Ada kisah awal mula adanya island of the dolls ini, dimulai pada tahun 1950-an. Seorang pria benama Juliana Santana Barerra memutuskan untuk menkadi seorang pertapa. Ia rela meninggalkan keluarga dan istrinya untuk hidup senidirian kepulau itu. Saat sampai kepulau itu ia mengatakan kalau ia selalu dihantui oleh hantu seorang gadis yang tenggelam di kanal terdekat. Setiap malam, selalu ada tangisan seorang gadis kecil dengan langkah kakinya. Hal itu membuatnya terganggu dan sangat tersiksa. Menurut kisah orang-orang, mereka mempercayai kalau sebelum menghantuinya sempat berusaha menolong gadis itu namun terlambat. Dan akhirnya ia tenggelam dan santana harus hidup dalam rasa bersalah karena tak mampu menyelamatkannya. Tak sedikit juga orang-orang menyatakan bahwa kejadian itu hanyalah isapan jempol belaka.

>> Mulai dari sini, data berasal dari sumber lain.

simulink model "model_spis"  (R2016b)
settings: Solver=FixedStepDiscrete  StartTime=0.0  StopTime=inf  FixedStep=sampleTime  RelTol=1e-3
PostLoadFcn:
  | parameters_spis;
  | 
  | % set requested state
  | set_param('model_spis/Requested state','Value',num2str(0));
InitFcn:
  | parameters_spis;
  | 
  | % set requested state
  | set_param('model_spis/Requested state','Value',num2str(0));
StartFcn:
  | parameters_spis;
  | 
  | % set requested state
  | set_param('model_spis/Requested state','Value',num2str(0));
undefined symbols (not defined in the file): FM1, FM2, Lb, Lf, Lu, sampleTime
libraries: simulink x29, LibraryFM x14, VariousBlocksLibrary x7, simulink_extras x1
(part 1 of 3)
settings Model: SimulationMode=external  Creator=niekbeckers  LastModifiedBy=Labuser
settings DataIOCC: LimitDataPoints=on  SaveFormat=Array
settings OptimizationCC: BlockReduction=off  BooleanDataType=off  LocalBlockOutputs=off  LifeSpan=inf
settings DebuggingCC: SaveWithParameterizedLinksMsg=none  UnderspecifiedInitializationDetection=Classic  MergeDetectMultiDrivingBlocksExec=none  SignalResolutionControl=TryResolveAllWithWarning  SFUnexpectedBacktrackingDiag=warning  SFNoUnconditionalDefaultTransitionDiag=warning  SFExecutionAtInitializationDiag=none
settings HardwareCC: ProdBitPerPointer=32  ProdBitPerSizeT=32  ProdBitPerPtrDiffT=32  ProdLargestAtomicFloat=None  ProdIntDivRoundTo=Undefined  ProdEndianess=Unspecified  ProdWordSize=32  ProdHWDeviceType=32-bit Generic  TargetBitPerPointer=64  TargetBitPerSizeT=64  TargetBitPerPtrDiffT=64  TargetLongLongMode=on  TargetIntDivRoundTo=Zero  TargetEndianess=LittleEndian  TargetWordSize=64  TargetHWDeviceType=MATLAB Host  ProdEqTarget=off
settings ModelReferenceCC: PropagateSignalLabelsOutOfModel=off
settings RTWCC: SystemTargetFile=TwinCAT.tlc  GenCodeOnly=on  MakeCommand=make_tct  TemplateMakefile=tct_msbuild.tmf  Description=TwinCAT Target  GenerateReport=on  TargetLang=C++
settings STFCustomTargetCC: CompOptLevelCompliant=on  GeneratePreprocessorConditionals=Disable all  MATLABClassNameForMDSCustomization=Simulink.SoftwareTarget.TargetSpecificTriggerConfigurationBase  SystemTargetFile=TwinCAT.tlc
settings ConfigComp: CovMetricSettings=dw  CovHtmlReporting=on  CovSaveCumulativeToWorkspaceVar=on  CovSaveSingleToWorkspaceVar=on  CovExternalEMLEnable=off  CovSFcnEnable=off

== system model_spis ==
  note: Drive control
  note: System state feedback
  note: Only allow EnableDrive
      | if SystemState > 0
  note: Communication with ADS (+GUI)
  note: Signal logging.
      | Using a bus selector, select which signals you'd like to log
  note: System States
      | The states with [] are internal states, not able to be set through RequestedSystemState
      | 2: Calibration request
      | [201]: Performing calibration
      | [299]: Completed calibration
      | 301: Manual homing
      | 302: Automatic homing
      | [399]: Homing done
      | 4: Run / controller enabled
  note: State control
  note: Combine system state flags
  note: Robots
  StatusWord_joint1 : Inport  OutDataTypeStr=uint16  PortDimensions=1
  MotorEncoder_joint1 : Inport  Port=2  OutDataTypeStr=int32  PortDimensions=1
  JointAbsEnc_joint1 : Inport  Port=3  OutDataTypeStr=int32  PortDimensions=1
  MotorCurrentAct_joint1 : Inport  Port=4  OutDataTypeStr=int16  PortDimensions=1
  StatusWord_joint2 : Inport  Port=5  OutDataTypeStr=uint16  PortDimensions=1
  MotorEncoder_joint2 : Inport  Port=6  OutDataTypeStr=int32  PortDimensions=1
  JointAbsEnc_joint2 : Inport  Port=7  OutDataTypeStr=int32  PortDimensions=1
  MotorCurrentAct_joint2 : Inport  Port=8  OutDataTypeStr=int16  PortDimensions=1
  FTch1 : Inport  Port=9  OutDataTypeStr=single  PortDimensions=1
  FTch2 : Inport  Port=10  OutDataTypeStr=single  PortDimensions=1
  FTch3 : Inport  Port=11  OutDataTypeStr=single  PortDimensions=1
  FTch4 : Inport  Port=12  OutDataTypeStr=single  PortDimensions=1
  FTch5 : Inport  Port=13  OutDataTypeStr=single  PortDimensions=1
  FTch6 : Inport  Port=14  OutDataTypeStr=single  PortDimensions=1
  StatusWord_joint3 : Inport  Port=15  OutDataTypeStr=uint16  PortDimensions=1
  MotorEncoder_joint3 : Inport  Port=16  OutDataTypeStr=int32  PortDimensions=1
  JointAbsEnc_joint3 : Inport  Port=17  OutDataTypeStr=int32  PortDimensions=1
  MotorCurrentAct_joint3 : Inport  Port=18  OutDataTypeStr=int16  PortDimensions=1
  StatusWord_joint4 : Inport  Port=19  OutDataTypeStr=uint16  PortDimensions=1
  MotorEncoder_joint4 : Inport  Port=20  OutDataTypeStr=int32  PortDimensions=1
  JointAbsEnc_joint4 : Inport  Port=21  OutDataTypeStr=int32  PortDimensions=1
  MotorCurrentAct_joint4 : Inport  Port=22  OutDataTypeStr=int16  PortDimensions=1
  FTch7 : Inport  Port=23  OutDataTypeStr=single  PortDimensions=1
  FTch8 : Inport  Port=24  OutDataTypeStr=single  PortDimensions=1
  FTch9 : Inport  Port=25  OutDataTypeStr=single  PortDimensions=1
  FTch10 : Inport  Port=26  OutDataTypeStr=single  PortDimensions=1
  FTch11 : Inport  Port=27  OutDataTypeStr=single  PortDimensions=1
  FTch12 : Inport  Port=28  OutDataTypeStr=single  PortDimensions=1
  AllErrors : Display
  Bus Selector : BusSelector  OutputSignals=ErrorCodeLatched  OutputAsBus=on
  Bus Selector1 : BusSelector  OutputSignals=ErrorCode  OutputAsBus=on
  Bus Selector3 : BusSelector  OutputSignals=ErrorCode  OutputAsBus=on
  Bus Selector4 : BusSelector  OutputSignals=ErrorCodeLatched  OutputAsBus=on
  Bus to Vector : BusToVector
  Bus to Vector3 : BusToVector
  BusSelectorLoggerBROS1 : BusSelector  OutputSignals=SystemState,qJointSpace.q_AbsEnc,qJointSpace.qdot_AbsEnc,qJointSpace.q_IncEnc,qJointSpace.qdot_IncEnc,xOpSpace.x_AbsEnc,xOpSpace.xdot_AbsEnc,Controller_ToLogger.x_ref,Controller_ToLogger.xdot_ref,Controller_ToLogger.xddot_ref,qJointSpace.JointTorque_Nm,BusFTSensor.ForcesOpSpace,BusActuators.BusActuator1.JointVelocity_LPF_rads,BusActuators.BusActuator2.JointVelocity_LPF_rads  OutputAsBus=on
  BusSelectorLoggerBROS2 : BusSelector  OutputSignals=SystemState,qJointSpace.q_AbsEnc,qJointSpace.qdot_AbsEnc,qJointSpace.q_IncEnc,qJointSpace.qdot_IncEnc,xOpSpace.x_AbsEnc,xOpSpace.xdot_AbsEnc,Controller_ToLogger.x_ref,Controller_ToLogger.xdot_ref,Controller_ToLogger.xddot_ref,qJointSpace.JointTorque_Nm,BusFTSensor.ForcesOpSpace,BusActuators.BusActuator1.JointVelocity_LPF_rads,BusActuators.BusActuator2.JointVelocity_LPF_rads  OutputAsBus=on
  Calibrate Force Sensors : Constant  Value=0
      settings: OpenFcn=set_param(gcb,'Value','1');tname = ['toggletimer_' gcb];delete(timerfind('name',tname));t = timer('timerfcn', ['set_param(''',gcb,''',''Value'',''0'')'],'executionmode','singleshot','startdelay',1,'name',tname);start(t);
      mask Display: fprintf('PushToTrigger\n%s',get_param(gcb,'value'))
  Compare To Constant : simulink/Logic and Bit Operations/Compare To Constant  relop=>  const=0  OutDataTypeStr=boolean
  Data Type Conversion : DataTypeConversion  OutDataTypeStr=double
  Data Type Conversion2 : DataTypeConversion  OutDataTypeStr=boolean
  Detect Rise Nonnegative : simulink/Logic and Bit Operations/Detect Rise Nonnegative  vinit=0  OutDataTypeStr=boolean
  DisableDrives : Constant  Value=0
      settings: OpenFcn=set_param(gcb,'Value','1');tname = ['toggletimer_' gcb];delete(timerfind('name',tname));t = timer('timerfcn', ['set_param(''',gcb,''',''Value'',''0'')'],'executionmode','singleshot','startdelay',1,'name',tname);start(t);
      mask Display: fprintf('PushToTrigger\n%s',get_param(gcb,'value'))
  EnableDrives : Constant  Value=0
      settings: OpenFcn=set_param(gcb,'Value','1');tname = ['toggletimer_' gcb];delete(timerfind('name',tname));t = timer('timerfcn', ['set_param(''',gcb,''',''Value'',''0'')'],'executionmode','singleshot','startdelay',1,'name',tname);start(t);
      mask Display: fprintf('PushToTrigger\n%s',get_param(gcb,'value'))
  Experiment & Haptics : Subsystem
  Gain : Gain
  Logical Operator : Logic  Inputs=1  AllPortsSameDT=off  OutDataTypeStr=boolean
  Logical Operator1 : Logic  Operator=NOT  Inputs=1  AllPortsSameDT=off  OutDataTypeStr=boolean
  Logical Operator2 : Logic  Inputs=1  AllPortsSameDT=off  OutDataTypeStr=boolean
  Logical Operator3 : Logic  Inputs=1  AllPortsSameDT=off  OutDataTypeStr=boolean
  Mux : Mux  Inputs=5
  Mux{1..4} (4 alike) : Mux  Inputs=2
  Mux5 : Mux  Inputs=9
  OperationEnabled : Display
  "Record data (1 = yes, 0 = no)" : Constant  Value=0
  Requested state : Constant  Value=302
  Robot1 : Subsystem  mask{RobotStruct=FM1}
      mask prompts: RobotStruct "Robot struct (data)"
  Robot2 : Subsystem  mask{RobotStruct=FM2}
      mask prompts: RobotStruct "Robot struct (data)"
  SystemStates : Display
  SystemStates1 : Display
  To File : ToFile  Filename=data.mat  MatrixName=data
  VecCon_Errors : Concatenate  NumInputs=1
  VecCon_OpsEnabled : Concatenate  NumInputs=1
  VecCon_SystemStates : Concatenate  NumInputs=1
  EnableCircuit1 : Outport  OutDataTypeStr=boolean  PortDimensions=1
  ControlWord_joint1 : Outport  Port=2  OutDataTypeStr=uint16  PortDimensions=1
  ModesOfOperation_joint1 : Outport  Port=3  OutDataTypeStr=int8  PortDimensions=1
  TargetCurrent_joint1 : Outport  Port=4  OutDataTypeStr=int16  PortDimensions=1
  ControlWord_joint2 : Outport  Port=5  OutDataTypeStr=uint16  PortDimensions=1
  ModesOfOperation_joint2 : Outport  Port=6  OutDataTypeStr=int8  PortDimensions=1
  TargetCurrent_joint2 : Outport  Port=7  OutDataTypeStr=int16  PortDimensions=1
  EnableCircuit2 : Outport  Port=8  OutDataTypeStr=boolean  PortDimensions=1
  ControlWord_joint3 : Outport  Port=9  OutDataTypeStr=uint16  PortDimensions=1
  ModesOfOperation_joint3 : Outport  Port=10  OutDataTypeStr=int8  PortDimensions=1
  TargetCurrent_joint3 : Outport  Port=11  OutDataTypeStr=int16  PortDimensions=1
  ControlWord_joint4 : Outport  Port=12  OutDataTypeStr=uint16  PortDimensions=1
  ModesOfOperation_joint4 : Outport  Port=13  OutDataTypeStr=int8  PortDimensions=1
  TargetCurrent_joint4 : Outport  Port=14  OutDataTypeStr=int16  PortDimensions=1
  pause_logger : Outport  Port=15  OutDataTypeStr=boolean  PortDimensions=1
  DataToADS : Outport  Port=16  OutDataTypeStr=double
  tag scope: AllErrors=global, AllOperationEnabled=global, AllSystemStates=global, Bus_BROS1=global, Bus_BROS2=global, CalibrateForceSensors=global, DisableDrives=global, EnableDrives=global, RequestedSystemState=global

Terlepas itu semua, santana memutuskan untuk melakukan sesuatu agar arwah gadis itu tenang. Konon, tak lama setelah mayat gadis itu berhasil ditemukan, santana melihat sebuah boneka terapung dan menduga itu adalah boneka milik si gadis kecil yang tewas tenggelam. Lalu ia mengambil boneka itu dan memutuskannya untuk menggantungnya ke pohon sebagai tanda penghormatan kepada gadis kecil itu. Awalnya ia hanya menemukan boneka yang terapung, namun jumlah boneka pada pulau itu menjadi semakin bertambah. Ia mengumpulkan senua boneka-boneka yang mengambang pada kanal dan terus memungutnya sampai membuat sebuah tumpukan sampah dekat rumahnya.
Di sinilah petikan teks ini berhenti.